(Dataset items)
··········

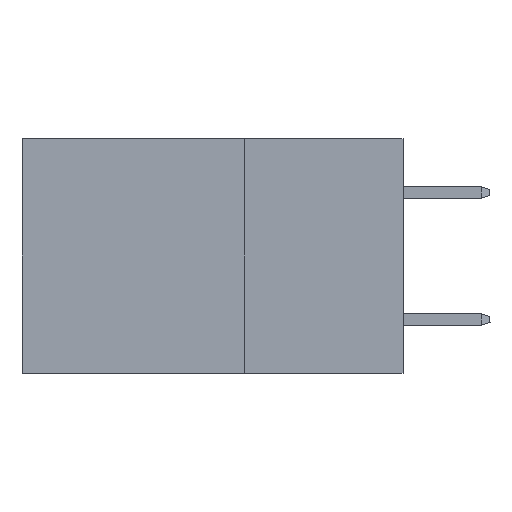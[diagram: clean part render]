
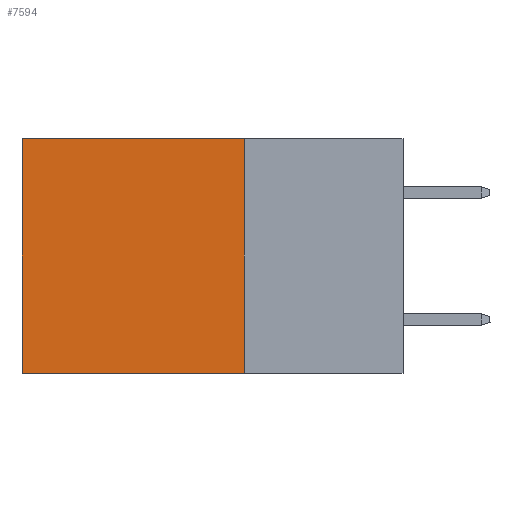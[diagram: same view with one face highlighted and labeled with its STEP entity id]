
A CAD part, left-side view. The second image highlights one B-rep face of the part: STEP entity #7594.
In plain terms, the highlighted planar face has unit normal (-1, 0, 0).
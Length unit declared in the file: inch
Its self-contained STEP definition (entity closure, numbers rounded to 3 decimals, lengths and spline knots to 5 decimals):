
#186 = CARTESIAN_POINT ( 'NONE',  ( 0.2875, 0.6, -0.37 ) ) ;
#364 = VECTOR ( 'NONE', #2417, 39.37008 ) ;
#1063 = ORIENTED_EDGE ( 'NONE', *, *, #10654, .T. ) ;
#1834 = LINE ( 'NONE', #9721, #4662 ) ;
#2396 = CARTESIAN_POINT ( 'NONE',  ( 0.2875, 0.25, -0.37 ) ) ;
#2417 = DIRECTION ( 'NONE',  ( 0., 1., 0. ) ) ;
#2486 = VERTEX_POINT ( 'NONE', #7592 ) ;
#3558 = VERTEX_POINT ( 'NONE', #2396 ) ;
#3730 = CARTESIAN_POINT ( 'NONE',  ( 0.2875, 0.6, 0. ) ) ;
#3920 = EDGE_CURVE ( 'NONE', #11725, #8991, #11886, .T. ) ;
#3978 = AXIS2_PLACEMENT_3D ( 'NONE', #11377, #12176, #9024 ) ;
#4094 = DIRECTION ( 'NONE',  ( 0., 0., -1. ) ) ;
#4312 = DIRECTION ( 'NONE',  ( 0., 0., -1. ) ) ;
#4662 = VECTOR ( 'NONE', #4312, 39.37008 ) ;
#4740 = PLANE ( 'NONE',  #3978 ) ;
#4913 = EDGE_LOOP ( 'NONE', ( #11169, #8783, #5519, #1063 ) ) ;
#5319 = CARTESIAN_POINT ( 'NONE',  ( 0.2875, 0.6, 0. ) ) ;
#5519 = ORIENTED_EDGE ( 'NONE', *, *, #5945, .F. ) ;
#5535 = LINE ( 'NONE', #7894, #12994 ) ;
#5945 = EDGE_CURVE ( 'NONE', #2486, #3558, #1834, .T. ) ;
#7592 = CARTESIAN_POINT ( 'NONE',  ( 0.2875, 0.25, 0. ) ) ;
#7594 = ADVANCED_FACE ( 'NONE', ( #7976 ), #4740, .F. ) ;
#7894 = CARTESIAN_POINT ( 'NONE',  ( 0.2875, 0.25, 0. ) ) ;
#7976 = FACE_OUTER_BOUND ( 'NONE', #4913, .T. ) ;
#8783 = ORIENTED_EDGE ( 'NONE', *, *, #10694, .F. ) ;
#8991 = VERTEX_POINT ( 'NONE', #186 ) ;
#9024 = DIRECTION ( 'NONE',  ( 0., 0., -1. ) ) ;
#9721 = CARTESIAN_POINT ( 'NONE',  ( 0.2875, 0.25, 0. ) ) ;
#10654 = EDGE_CURVE ( 'NONE', #2486, #11725, #5535, .T. ) ;
#10694 = EDGE_CURVE ( 'NONE', #3558, #8991, #11148, .T. ) ;
#11148 = LINE ( 'NONE', #12239, #364 ) ;
#11169 = ORIENTED_EDGE ( 'NONE', *, *, #3920, .T. ) ;
#11377 = CARTESIAN_POINT ( 'NONE',  ( 0.2875, 0.25, 0. ) ) ;
#11725 = VERTEX_POINT ( 'NONE', #3730 ) ;
#11779 = VECTOR ( 'NONE', #4094, 39.37008 ) ;
#11886 = LINE ( 'NONE', #5319, #11779 ) ;
#12170 = DIRECTION ( 'NONE',  ( 0., 1., 0. ) ) ;
#12176 = DIRECTION ( 'NONE',  ( 1., 0., 0. ) ) ;
#12239 = CARTESIAN_POINT ( 'NONE',  ( 0.2875, 0.25, -0.37 ) ) ;
#12994 = VECTOR ( 'NONE', #12170, 39.37008 ) ;

··········

Exercise goal
Please, from the entries above, set down exactly the lines from the one containing "#11169 = ORIENTED_EDGE" through the one containing "#12170 = DIRECTION", and only those.

Task solution
#11169 = ORIENTED_EDGE ( 'NONE', *, *, #3920, .T. ) ;
#11377 = CARTESIAN_POINT ( 'NONE',  ( 0.2875, 0.25, 0. ) ) ;
#11725 = VERTEX_POINT ( 'NONE', #3730 ) ;
#11779 = VECTOR ( 'NONE', #4094, 39.37008 ) ;
#11886 = LINE ( 'NONE', #5319, #11779 ) ;
#12170 = DIRECTION ( 'NONE',  ( 0., 1., 0. ) ) ;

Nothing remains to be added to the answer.